I'll confess that I found Death Comes to Town pretty funny.
I had a lot of straight and gay friends, and we loved KitH, including Thompson's Buddy Cole, who was a caricature-turned-up-to-eleven of a certain type of gay man:
"And that was that! We were together for six months; which in heterosexual terms is three reincarnations with the same mate."
"I'm in a new movie, Millennium. You see, one day an American producer said, 'hey, I want to make a terrible movie in Canada—everybody else has!' It's a big-budget-science-fiction-thriller starring Cheryl Ladd. I play the best friend of the Time Gate operator. He has one line... but he says it directly to me! The movie is full of Canadian actors with one line. It's great." And he breaks into a brutally cynical smile. "It .Won't .Make A. Dime."
Or the sketch that opens up with him in prison, telling the audience what led up to Buddy's accidental murder of a drag queen.
Probably my favorite KitH was Bruce McCullough. He wasn't always the funniest, but he had, hands down, the most bizarre sketches on that show.
One of my friends used the name "Francesca Fiori" as her pre-internet online BBS handle.

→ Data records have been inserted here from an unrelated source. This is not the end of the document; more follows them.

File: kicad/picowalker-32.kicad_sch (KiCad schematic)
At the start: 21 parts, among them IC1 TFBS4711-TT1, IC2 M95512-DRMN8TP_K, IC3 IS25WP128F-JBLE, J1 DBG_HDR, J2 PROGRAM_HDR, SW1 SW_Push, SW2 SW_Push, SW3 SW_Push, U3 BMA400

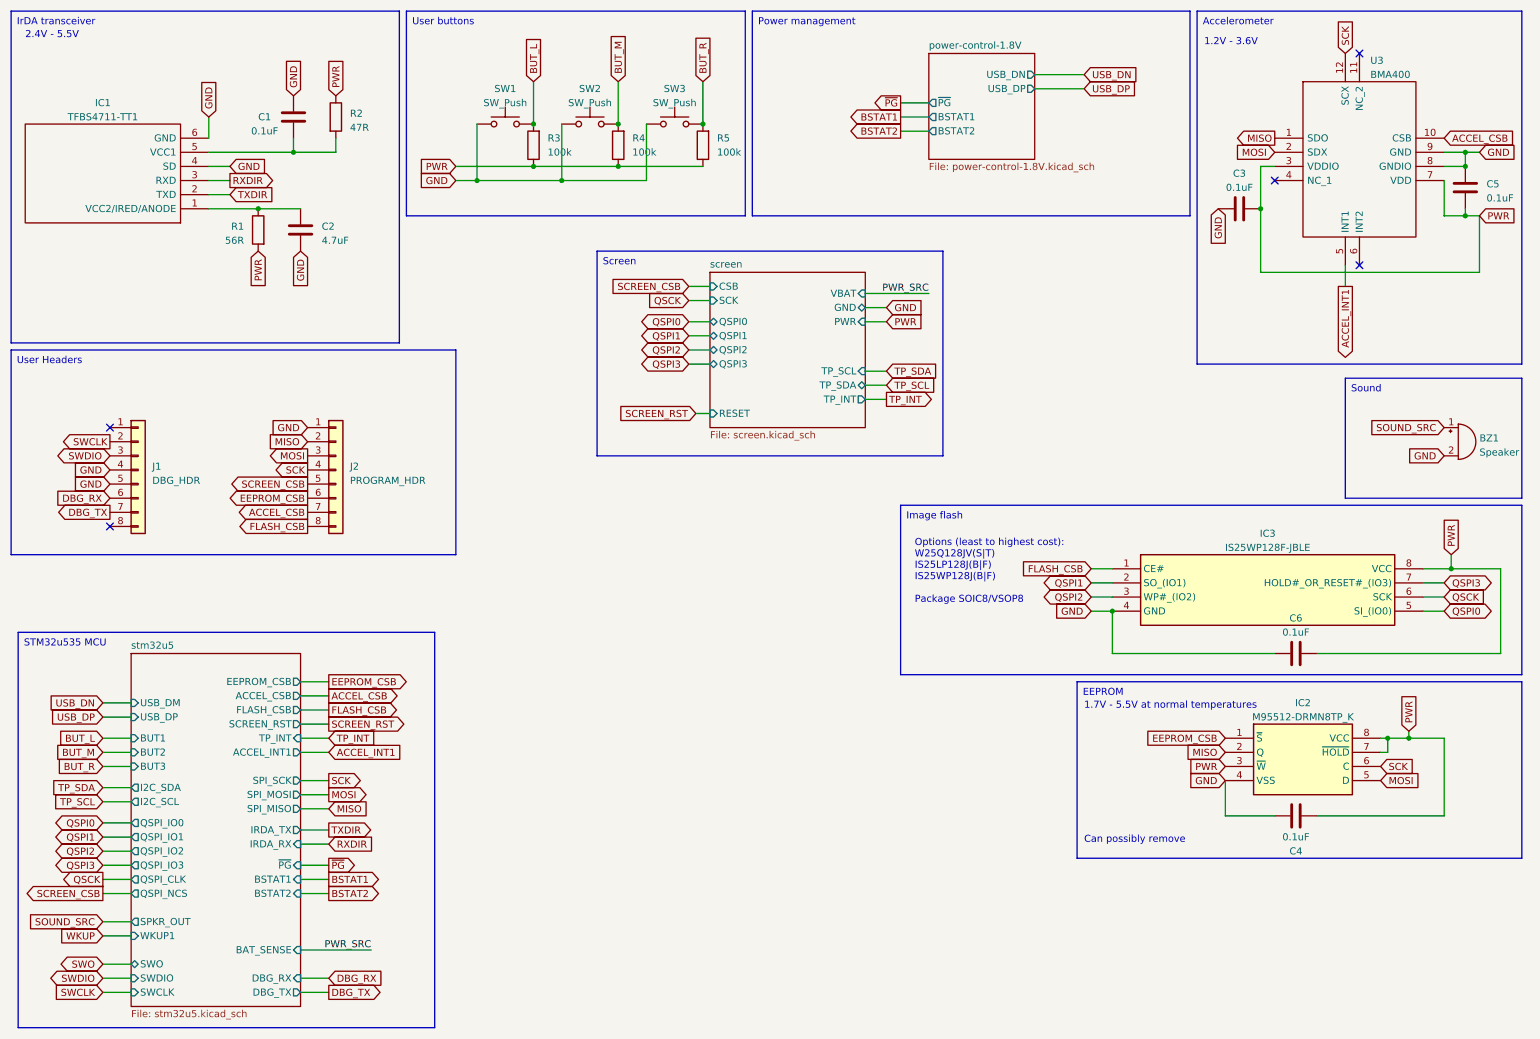
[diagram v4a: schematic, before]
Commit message: hw: change to 3v3 LDO and remove unnecessary MCU pins
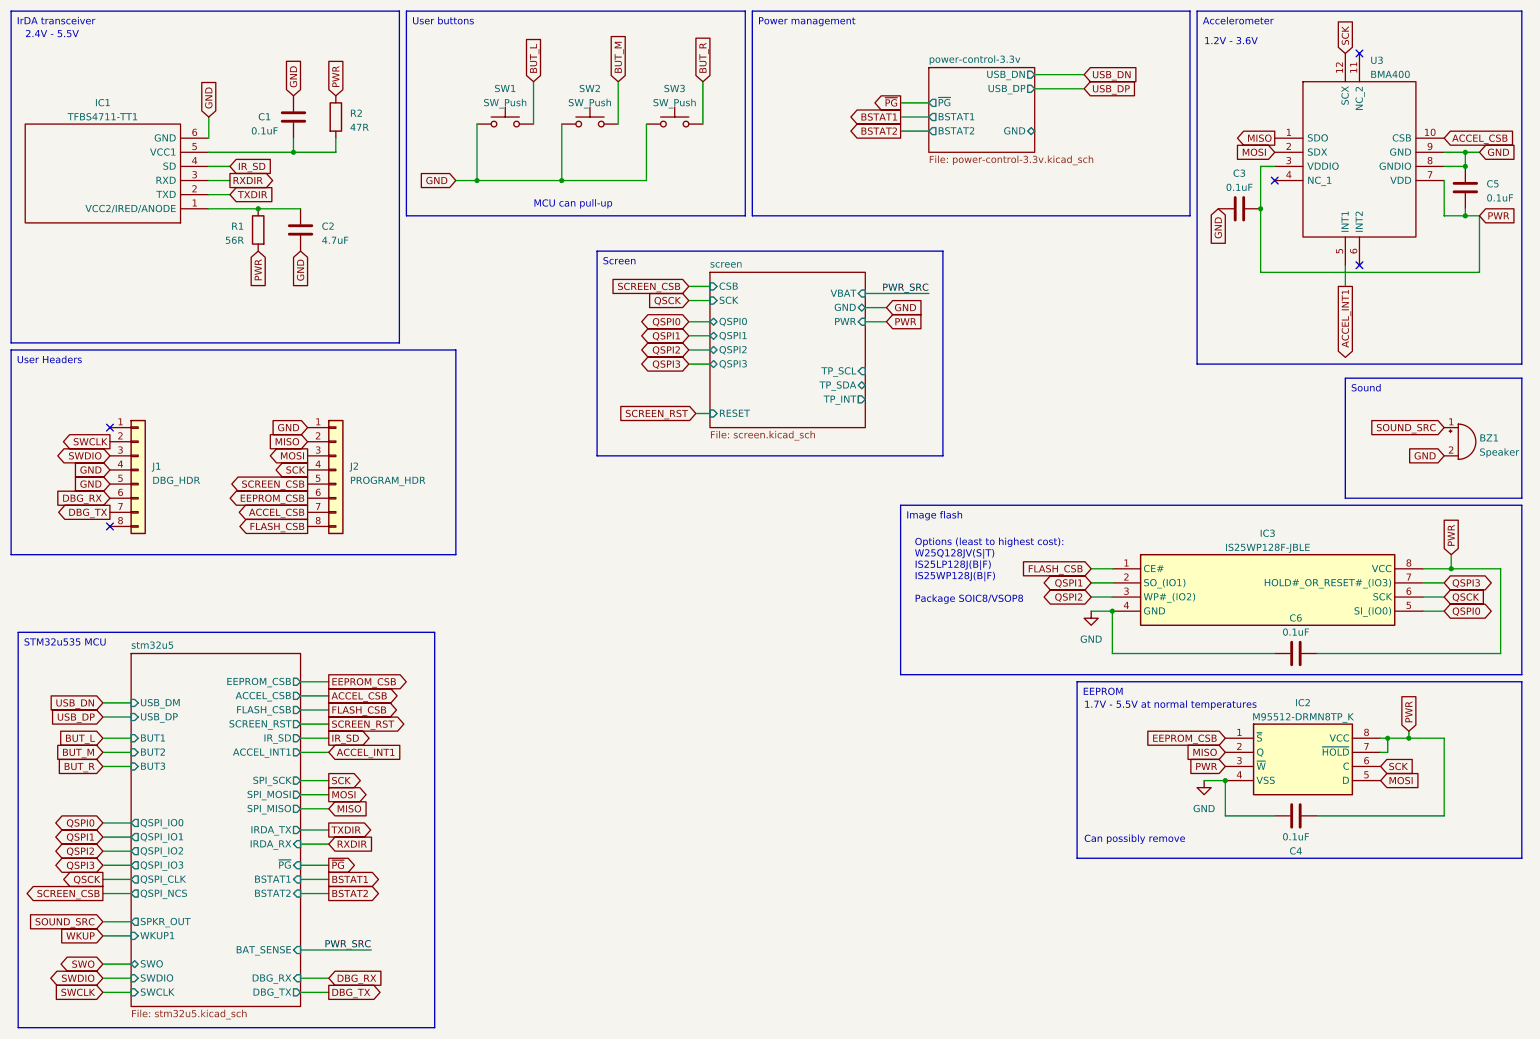
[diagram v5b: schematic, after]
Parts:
- removed R3, R4, R5: 100k, Resistor_SMD:R_0402_1005Metric, symbol Device:R
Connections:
- net GND: no longer IC1.4 (SD)
- new net IR_SD: IC1.4 (SD)
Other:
- removed sheet power-control-1.8V
- added sheet power-control-3.3v (power-control-3.3v.kicad_sch)
- sheet stm32u5 ports: added IR_SD; removed I2C_SCL, I2C_SDA, TP_INT
- note added: "MCU can pull-up"

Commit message: hw: update power symbols, clean up some power circuitry
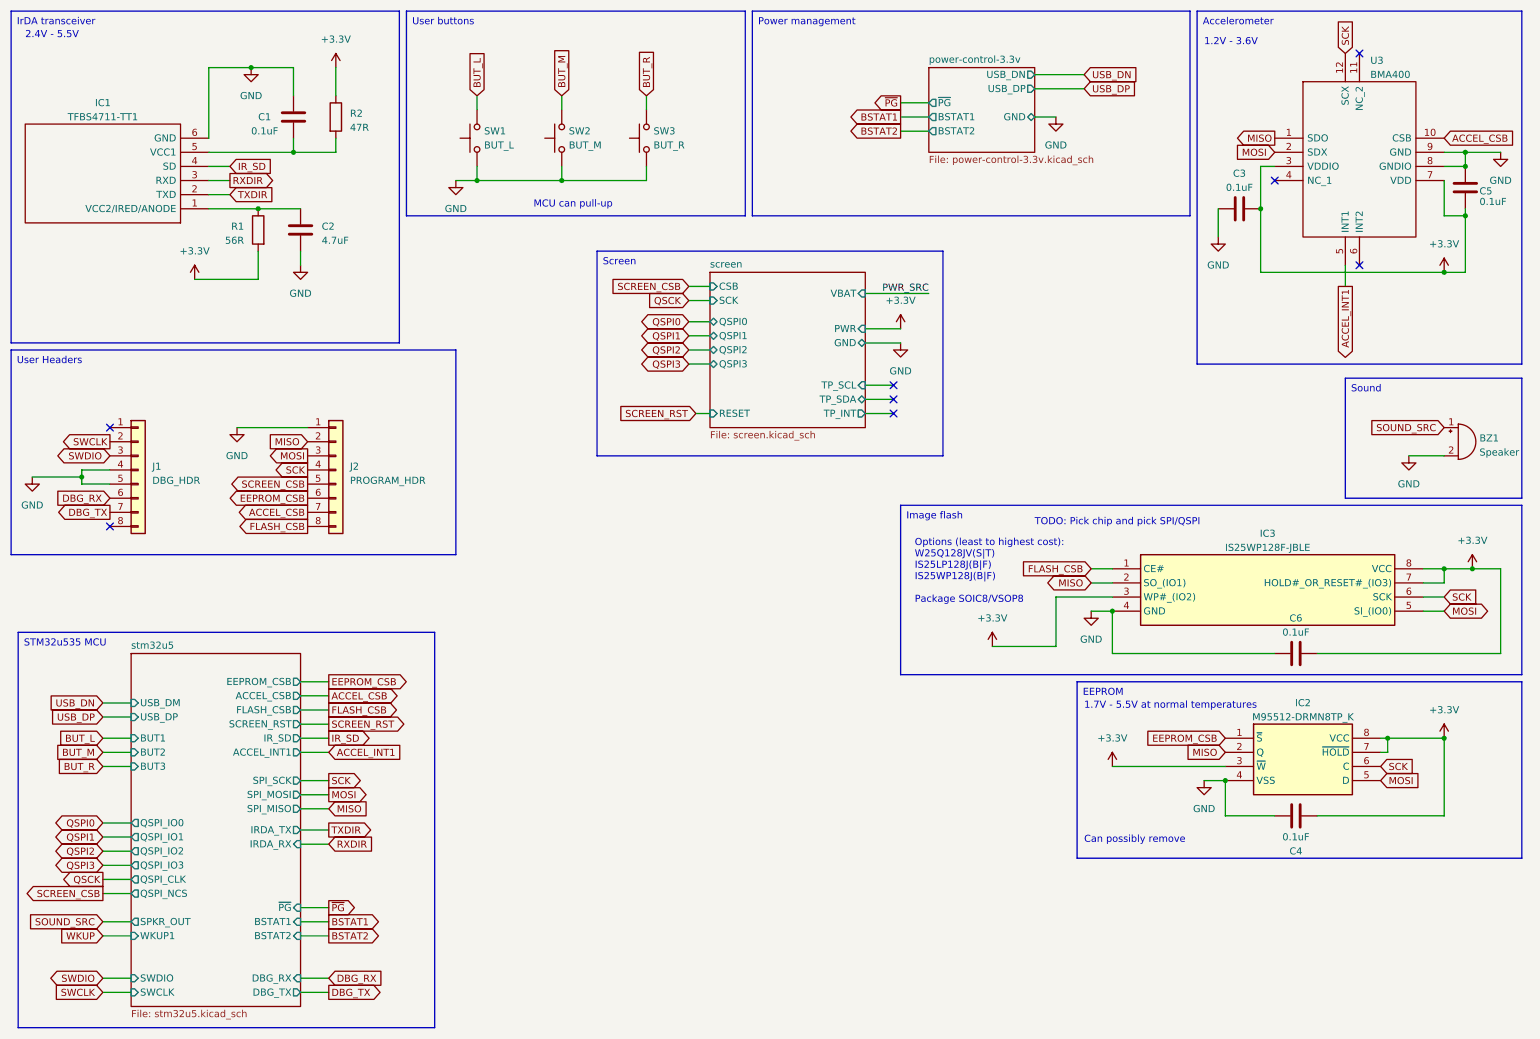
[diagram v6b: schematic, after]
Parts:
- SW1: value SW_Push -> BUT_L
- SW2: value SW_Push -> BUT_M
- SW3: value SW_Push -> BUT_R
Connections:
- net MISO: now also IC3.2 (SO_(IO1))
- net MOSI: now also IC3.5 (SI_(IO0))
- net QSCK: no longer IC3.6 (SCK)
- net QSPI0: no longer IC3.5 (SI_(IO0))
- net QSPI1: no longer IC3.2 (SO_(IO1))
- net QSPI2: no longer IC3.3 (WP#_(IO2))
- net QSPI3: no longer IC3.7 (HOLD#_OR_RESET#_(IO3))
- net SCK: now also IC3.6 (SCK)
- net PWR renamed +3.3V
- net +3.3V: now also IC3.3 (WP#_(IO2)), IC3.7 (HOLD#_OR_RESET#_(IO3))
- no-connect marks 5 -> 8
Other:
- sheet stm32u5 ports: added none; removed BAT_SENSE, SWO
- note added: "TODO: Pick chip and pick SPI/QSPI"
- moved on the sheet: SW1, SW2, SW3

I remember liking the gay skits better as a kid, but this time around I found them obnoxious. I'm sure that's partially because I'm just sick of hearing about gays, but really, most of them didn't even have a point other than, "hey, look at the gay stuff I'm doing!" There were several skits that basically amounted to Thompson's characters sexually assaulting his castmates' characters, and hey it's funny because a guy is getting groped/raped!
Honestly, watching them again, almost every sketch with gay character(s) just made the gay character(s) look like awful human beings. Which may be what they were going for, but I suspect not.
McCullough's sketch concepts were definitely tough to top. His autist kid hit close to home. I always thought that McDonald and Foley had the best chemistry though, but that's probably mostly because they'd been working together longer than the rest of the group.